Exception No. 1:  A receptacle installed solely for the electrical supply to and support of an electric clock in any of the rooms specified in 210.52(B)(1).
Exception No. 2:  Receptacles installed to provide power for supplemental equipment and lighting on gas-fired ranges, ovens, or counter-mounted cooking units.


----------



## Voltron (Sep 14, 2012)

You are absolutely not correct whatsoever..


----------



## CopperSlave (Feb 9, 2012)

4SQUARE said:


> You are absolutely not correct whatsoever..


Nice first post.


----------



## HARRY304E (Sep 15, 2010)

4SQUARE said:


> You are absolutely not correct whatsoever..


Who are you replying to.?


----------



## Speedy Petey (Jan 10, 2007)

4SQUARE said:


> You are absolutely not correct whatsoever..

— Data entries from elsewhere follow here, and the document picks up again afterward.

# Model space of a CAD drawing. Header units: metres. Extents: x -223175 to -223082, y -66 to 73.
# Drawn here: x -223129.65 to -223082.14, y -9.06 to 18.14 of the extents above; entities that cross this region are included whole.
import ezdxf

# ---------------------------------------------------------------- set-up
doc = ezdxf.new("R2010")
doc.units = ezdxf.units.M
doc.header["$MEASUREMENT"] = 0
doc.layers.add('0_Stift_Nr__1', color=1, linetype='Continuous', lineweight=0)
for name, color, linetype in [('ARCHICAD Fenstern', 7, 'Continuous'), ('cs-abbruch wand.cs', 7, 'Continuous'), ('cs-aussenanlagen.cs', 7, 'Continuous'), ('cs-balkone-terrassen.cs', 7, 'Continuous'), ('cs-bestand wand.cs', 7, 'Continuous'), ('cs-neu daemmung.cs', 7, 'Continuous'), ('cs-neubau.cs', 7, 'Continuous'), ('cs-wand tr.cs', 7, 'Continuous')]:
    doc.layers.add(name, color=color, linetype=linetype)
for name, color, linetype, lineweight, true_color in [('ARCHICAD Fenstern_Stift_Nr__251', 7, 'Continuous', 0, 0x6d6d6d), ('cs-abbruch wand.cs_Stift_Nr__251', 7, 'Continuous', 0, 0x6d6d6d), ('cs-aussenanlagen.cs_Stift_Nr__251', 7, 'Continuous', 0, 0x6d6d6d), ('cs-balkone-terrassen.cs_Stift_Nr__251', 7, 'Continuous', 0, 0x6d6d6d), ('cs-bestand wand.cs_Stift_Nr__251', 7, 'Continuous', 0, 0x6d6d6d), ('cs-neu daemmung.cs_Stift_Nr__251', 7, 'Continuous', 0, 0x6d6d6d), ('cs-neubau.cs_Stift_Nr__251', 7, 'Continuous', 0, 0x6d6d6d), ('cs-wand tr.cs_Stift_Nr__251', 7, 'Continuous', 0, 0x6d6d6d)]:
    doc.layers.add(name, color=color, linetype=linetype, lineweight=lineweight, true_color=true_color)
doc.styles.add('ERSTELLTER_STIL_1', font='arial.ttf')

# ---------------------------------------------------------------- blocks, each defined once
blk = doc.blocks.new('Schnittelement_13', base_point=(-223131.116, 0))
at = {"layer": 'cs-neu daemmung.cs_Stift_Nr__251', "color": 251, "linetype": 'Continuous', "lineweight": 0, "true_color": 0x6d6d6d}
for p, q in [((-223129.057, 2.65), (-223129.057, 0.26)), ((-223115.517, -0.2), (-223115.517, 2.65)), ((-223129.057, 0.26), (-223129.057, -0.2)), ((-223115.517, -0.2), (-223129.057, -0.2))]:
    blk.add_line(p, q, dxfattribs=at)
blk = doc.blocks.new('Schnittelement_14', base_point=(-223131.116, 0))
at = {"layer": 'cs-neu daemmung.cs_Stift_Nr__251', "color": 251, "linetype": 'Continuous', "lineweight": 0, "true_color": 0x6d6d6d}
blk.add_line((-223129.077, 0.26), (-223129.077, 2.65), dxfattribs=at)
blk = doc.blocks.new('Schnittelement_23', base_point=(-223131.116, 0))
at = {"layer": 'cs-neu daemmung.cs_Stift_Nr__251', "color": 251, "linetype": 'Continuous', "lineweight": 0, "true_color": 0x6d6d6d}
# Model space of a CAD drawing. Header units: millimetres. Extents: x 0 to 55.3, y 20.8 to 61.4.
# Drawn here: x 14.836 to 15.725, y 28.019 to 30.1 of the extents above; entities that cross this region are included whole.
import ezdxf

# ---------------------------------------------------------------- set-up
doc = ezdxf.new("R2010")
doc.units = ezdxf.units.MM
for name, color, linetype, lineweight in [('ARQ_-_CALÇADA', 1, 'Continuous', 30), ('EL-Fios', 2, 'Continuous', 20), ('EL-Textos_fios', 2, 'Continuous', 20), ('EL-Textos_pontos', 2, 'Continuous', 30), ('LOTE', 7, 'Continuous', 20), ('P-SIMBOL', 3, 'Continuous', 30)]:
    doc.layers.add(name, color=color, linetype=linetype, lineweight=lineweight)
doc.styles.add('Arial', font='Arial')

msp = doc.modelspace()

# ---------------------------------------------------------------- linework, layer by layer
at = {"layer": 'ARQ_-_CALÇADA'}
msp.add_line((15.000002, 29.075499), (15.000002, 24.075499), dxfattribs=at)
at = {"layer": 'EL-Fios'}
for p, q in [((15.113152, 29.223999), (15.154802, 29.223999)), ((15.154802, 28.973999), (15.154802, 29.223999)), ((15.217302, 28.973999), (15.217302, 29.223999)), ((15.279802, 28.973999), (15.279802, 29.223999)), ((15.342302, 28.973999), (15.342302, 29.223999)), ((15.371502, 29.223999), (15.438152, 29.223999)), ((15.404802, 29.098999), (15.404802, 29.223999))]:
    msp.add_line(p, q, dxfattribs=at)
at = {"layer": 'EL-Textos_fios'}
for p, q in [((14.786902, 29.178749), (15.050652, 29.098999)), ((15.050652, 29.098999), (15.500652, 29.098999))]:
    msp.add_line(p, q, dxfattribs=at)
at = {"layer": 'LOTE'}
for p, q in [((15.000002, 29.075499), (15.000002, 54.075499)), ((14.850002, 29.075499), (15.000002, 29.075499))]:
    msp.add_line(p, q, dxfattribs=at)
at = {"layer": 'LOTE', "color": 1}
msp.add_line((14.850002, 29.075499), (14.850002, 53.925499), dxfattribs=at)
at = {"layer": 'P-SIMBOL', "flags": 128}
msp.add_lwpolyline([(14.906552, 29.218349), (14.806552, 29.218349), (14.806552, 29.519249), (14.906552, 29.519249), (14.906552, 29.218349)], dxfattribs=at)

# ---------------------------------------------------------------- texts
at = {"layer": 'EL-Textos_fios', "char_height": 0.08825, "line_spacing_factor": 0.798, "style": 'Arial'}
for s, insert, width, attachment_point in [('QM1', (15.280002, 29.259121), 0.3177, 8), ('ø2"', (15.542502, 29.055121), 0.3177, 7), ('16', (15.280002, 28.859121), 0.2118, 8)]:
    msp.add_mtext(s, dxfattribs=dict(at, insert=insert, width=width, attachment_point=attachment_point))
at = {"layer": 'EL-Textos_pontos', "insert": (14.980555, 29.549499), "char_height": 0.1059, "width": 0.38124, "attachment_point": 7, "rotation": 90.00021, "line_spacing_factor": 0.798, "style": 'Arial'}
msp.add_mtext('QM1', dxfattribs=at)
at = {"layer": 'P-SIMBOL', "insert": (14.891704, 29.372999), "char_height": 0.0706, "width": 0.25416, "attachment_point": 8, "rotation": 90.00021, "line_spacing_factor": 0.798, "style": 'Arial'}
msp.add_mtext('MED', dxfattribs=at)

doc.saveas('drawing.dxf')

A) Why don't you add a quote so we know who you are replying to?
B) Why not add a little info to your critical yet cryptic reply?


----------



## Speedy Petey (Jan 10, 2007)

BostonSparky said:


> Are you really a journeyman electrician ????


Sorry bud, I have to ask the same thing. 
Even a full on commercial guy would know exactly where to find this in the code book and get all the info you need in one shot.


----------



## Voltron (Sep 14, 2012)

Speedy Petey said:


> A) Why don't you add a quote so we know who you are replying to?
> B) Why not add a little info to your critical yet cryptic reply?


Apologies... It was not my intention to be cryptic or to say anything negative only honest.. Shouldn't have posted without knowing how to quote. I am on my phone and hadn't figured it out yet. --David


----------



## Tsmil (Jul 17, 2011)

4SQUARE said:


> Apologies... It was not my intention to be cryptic or to say anything negative only honest.. Shouldn't have posted without knowing how to quote. I am on my phone and hadn't figured it out yet. --David


Don't mind the guard dogs. They tend to get a little cranky. 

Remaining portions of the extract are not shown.